Here's the tough to accept fact Dilbert. Canon doesn't really care to have you as a customer. 

Not being mean. Just explaining the way things work. 

It's all about conversion costs. Would Canon like for you to buy a 5DIII. Well, in an ideal world yes. But they have to look at what it will take to do that. You take way too long to make a decision, you don't spend very much and after the sale you are likely to be a high maintenance customer.

So, it's basic business sense that it's better to concentrate on customers who want to make a purchase, are going to make that purchase in the near future, are likely to make additional after-sales purchases and are likely to be content with their purchase decisions. 

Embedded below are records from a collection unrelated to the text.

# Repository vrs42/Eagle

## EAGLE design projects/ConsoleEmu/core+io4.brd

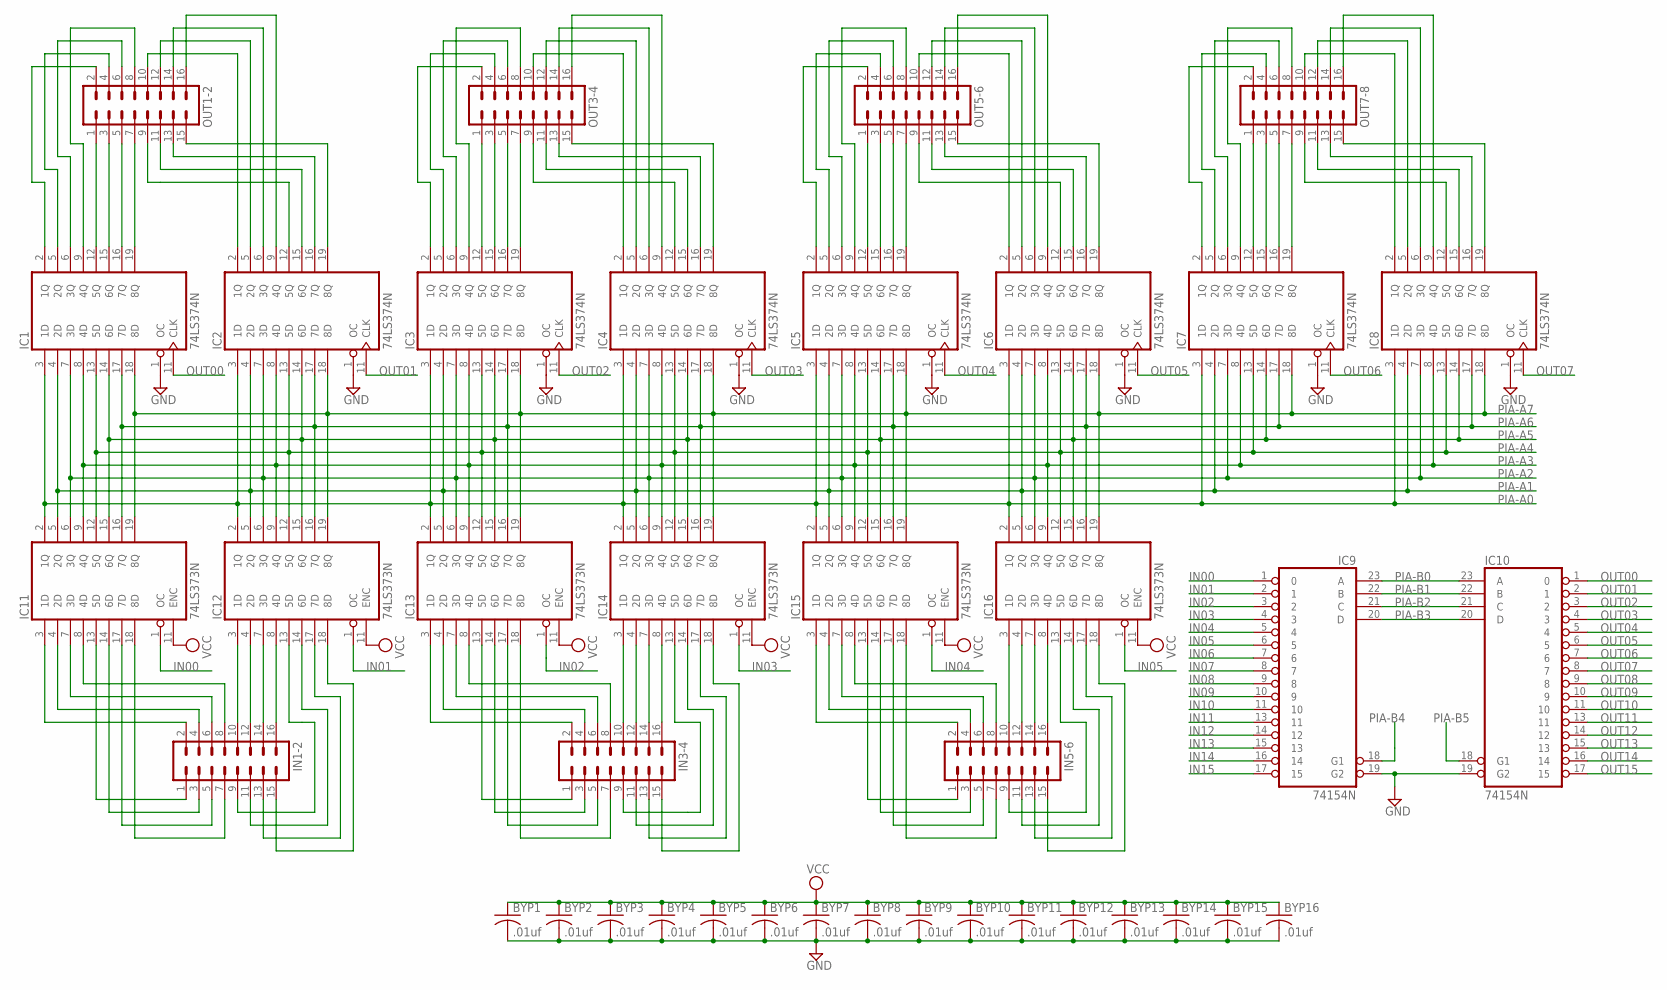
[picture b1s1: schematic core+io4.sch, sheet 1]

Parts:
BYP1, BYP2, BYP3, BYP4, BYP5, BYP6, BYP7, BYP8, BYP9, BYP10, BYP11, BYP12, BYP13, BYP14, BYP15, BYP16: .01uf; C050-025X075
IC1, IC2, IC3, IC4, IC5, IC6, IC7, IC8: 74LS374N; DIL20
IC9, IC10: 74154N; DIL24-6
IC11, IC12, IC13, IC14, IC15, IC16: 74LS373N; DIL20
IN1-2, IN3-4, IN5-6: MA08-2
OUT1-2, OUT3-4, OUT5-6, OUT7-8: MA08-2

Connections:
GND: BYP1.2, BYP2.2, BYP3.2, BYP4.2, BYP5.2, BYP6.2, BYP7.2, BYP8.2, BYP9.2, BYP10.2, BYP11.2, BYP12.2, BYP13.2, BYP14.2, BYP15.2, BYP16.2, IC1.1 (OC), IC1.10 (GND), IC2.1 (OC), IC2.10 (GND), IC3.1 (OC), IC3.10 (GND), IC4.1 (OC), IC4.10 (GND), IC5.1 (OC), IC5.10 (GND), IC6.1 (OC), IC6.10 (GND), IC7.1 (OC), IC7.10 (GND), IC8.1 (OC), IC8.10 (GND), IC9.12 (GND), IC9.19 (G2), IC10.12 (GND), IC10.19 (G2), IC11.10 (GND), IC12.10 (GND), IC13.10 (GND), IC14.10 (GND), IC15.10 (GND), IC16.10 (GND); also elsewhere on the board
IN00: IC9.1 (0), IC11.1 (OC)
IN01: IC9.2 (1), IC12.1 (OC)
IN02: IC9.3 (2), IC13.1 (OC)
IN03: IC9.4 (3), IC14.1 (OC)
IN04: IC9.5 (4), IC15.1 (OC)
IN05: IC9.6 (5), IC16.1 (OC)
IN06: IC9.7 (6)
IN07: IC9.8 (7)
IN08: IC9.9 (8)
IN09: IC9.10 (9)
IN10: IC9.11 (10)
IN11: IC9.13 (11)
IN12: IC9.14 (12)
IN13: IC9.15 (13)
IN14: IC9.16 (14)
IN15: IC9.17 (15)
unnamed: IC12.3 (1D), IN1-2.10
unnamed: IC12.4 (2D), IN1-2.12
unnamed: IC12.7 (3D), IN1-2.14
unnamed: IC12.8 (4D), IN1-2.16
unnamed: IC11.8 (4D), IN1-2.8
unnamed: IC11.7 (3D), IN1-2.6
unnamed: IC11.4 (2D), IN1-2.4
unnamed: IC11.3 (1D), IN1-2.2
unnamed: IC11.13 (5D), IN1-2.1
unnamed: IC11.14 (6D), IN1-2.3
unnamed: IC11.17 (7D), IN1-2.5
unnamed: IC11.18 (8D), IN1-2.7
unnamed: IC12.13 (5D), IN1-2.9
unnamed: IC12.14 (6D), IN1-2.11
unnamed: IC12.17 (7D), IN1-2.13
unnamed: IC12.18 (8D), IN1-2.15
unnamed: IC5.2 (1Q), OUT5-6.2
unnamed: IC14.3 (1D), IN3-4.10
unnamed: IC14.4 (2D), IN3-4.12
unnamed: IC14.7 (3D), IN3-4.14
unnamed: IC14.8 (4D), IN3-4.16
unnamed: IC3.12 (5Q), OUT3-4.1
unnamed: IC3.15 (6Q), OUT3-4.3
unnamed: IC3.16 (7Q), OUT3-4.5
unnamed: IC3.19 (8Q), OUT3-4.7
unnamed: IC13.3 (1D), IN3-4.2
unnamed: IC13.4 (2D), IN3-4.4
unnamed: IC13.7 (3D), IN3-4.6
unnamed: IC13.8 (4D), IN3-4.8
unnamed: IC14.13 (5D), IN3-4.9
unnamed: IC14.14 (6D), IN3-4.11
unnamed: IC14.17 (7D), IN3-4.13
unnamed: IC14.18 (8D), IN3-4.15
unnamed: IC13.13 (5D), IN3-4.1
unnamed: IC13.14 (6D), IN3-4.3
unnamed: IC13.17 (7D), IN3-4.5
unnamed: IC13.18 (8D), IN3-4.7
unnamed: IC3.5 (2Q), OUT3-4.4
unnamed: IC3.6 (3Q), OUT3-4.6
unnamed: IC3.2 (1Q), OUT3-4.2
unnamed: IC3.9 (4Q), OUT3-4.8
unnamed: IC1.12 (5Q), OUT1-2.1
unnamed: IC1.15 (6Q), OUT1-2.3
unnamed: IC1.16 (7Q), OUT1-2.5
unnamed: IC1.19 (8Q), OUT1-2.7
unnamed: IC1.2 (1Q), OUT1-2.2
unnamed: IC1.5 (2Q), OUT1-2.4
unnamed: IC1.6 (3Q), OUT1-2.6
unnamed: IC1.9 (4Q), OUT1-2.8
unnamed: IC2.19 (8Q), OUT1-2.15
unnamed: IC2.16 (7Q), OUT1-2.13
unnamed: IC2.15 (6Q), OUT1-2.11
unnamed: IC2.12 (5Q), OUT1-2.9
unnamed: IC2.2 (1Q), OUT1-2.10
unnamed: IC2.5 (2Q), OUT1-2.12
unnamed: IC2.6 (3Q), OUT1-2.14
unnamed: IC2.9 (4Q), OUT1-2.16
unnamed: IC4.2 (1Q), OUT3-4.10
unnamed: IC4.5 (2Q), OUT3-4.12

You want to get the most for your money. So does Canon. They look at you (actually the profile of hundreds of customers like you) and compare what it will cost them to convert you to a buyer. They compare the cost to convert you to a buyer to the cost of other buyers, including existing customers, and focus on doing what it takes to attract interested customers rather than theoretical customers.


----------



## dtaylor (Dec 1, 2013)

mlc_dave said:


> 1. DR - I could bump my shadows up +1-1.5 in LR and still retain detail. With my 5DMIII I generally try not to bump up shadows because it immediately causes banding/visual garbage which I have to later filter out.



I routinely bump crop files by this much without difficulty. To say nothing of what I can do with a 5D3 file.

Nikon fans typically "test" the two by turning all NR off on the Canon side (but not always on the Nikon side). You do realize that this is not how you actually process a RAW file with pushed shadows, right?


----------



## neuroanatomist (Dec 1, 2013)

dilbert said:


> No, it puts me in a group that is "probably a minority" (your definition) unless you have numbers to show otherwise? Furthermore, there is nothing to say that this group of people are all buying Nikon/Sony. They might have, but they may not. What I argue is that those that do care about IQ/DR haven't bought a 5D3 because it offers them no benefit over the 5D2.



Sure, espouse what ever fallacy you like. I'm sure Canon has such numbers, and for years they've apparently chosen to do nothing to substantially improve low ISO DR. The sales numbers clearly show people buying Canon dSLRs more than any other brand, despite a lack of substantial improvement in low ISO DR. 

You're still stating two sophisms: first, that *low ISO* DR defines IQ - maybe it does for you, but it doesn't for everyone (there's that minority thing, again). Canon has _more_ DR at high ISO, a fact you choose to ignore. Second, you are arguing that 'people who care about IQ/DR' care about that _only_, to the exclusion of all other aspects of camera performance. A specious argument, at best. 

I didn't think even you could be that dilbert-y, but I admit I was wrong about that.


----------



## unfocused (Dec 1, 2013)

dilbert said:


> unfocused said:
> 
> 
> > It's all about conversion costs.
> ...



You misunderstand. I'm not talking about converting from one camera system to another. I'm talking about converting a potential customer into a paying customer. All companies have to do a cost-benefit analysis to determine if a category of potential customers is worth the cost of converting them into paying customers. 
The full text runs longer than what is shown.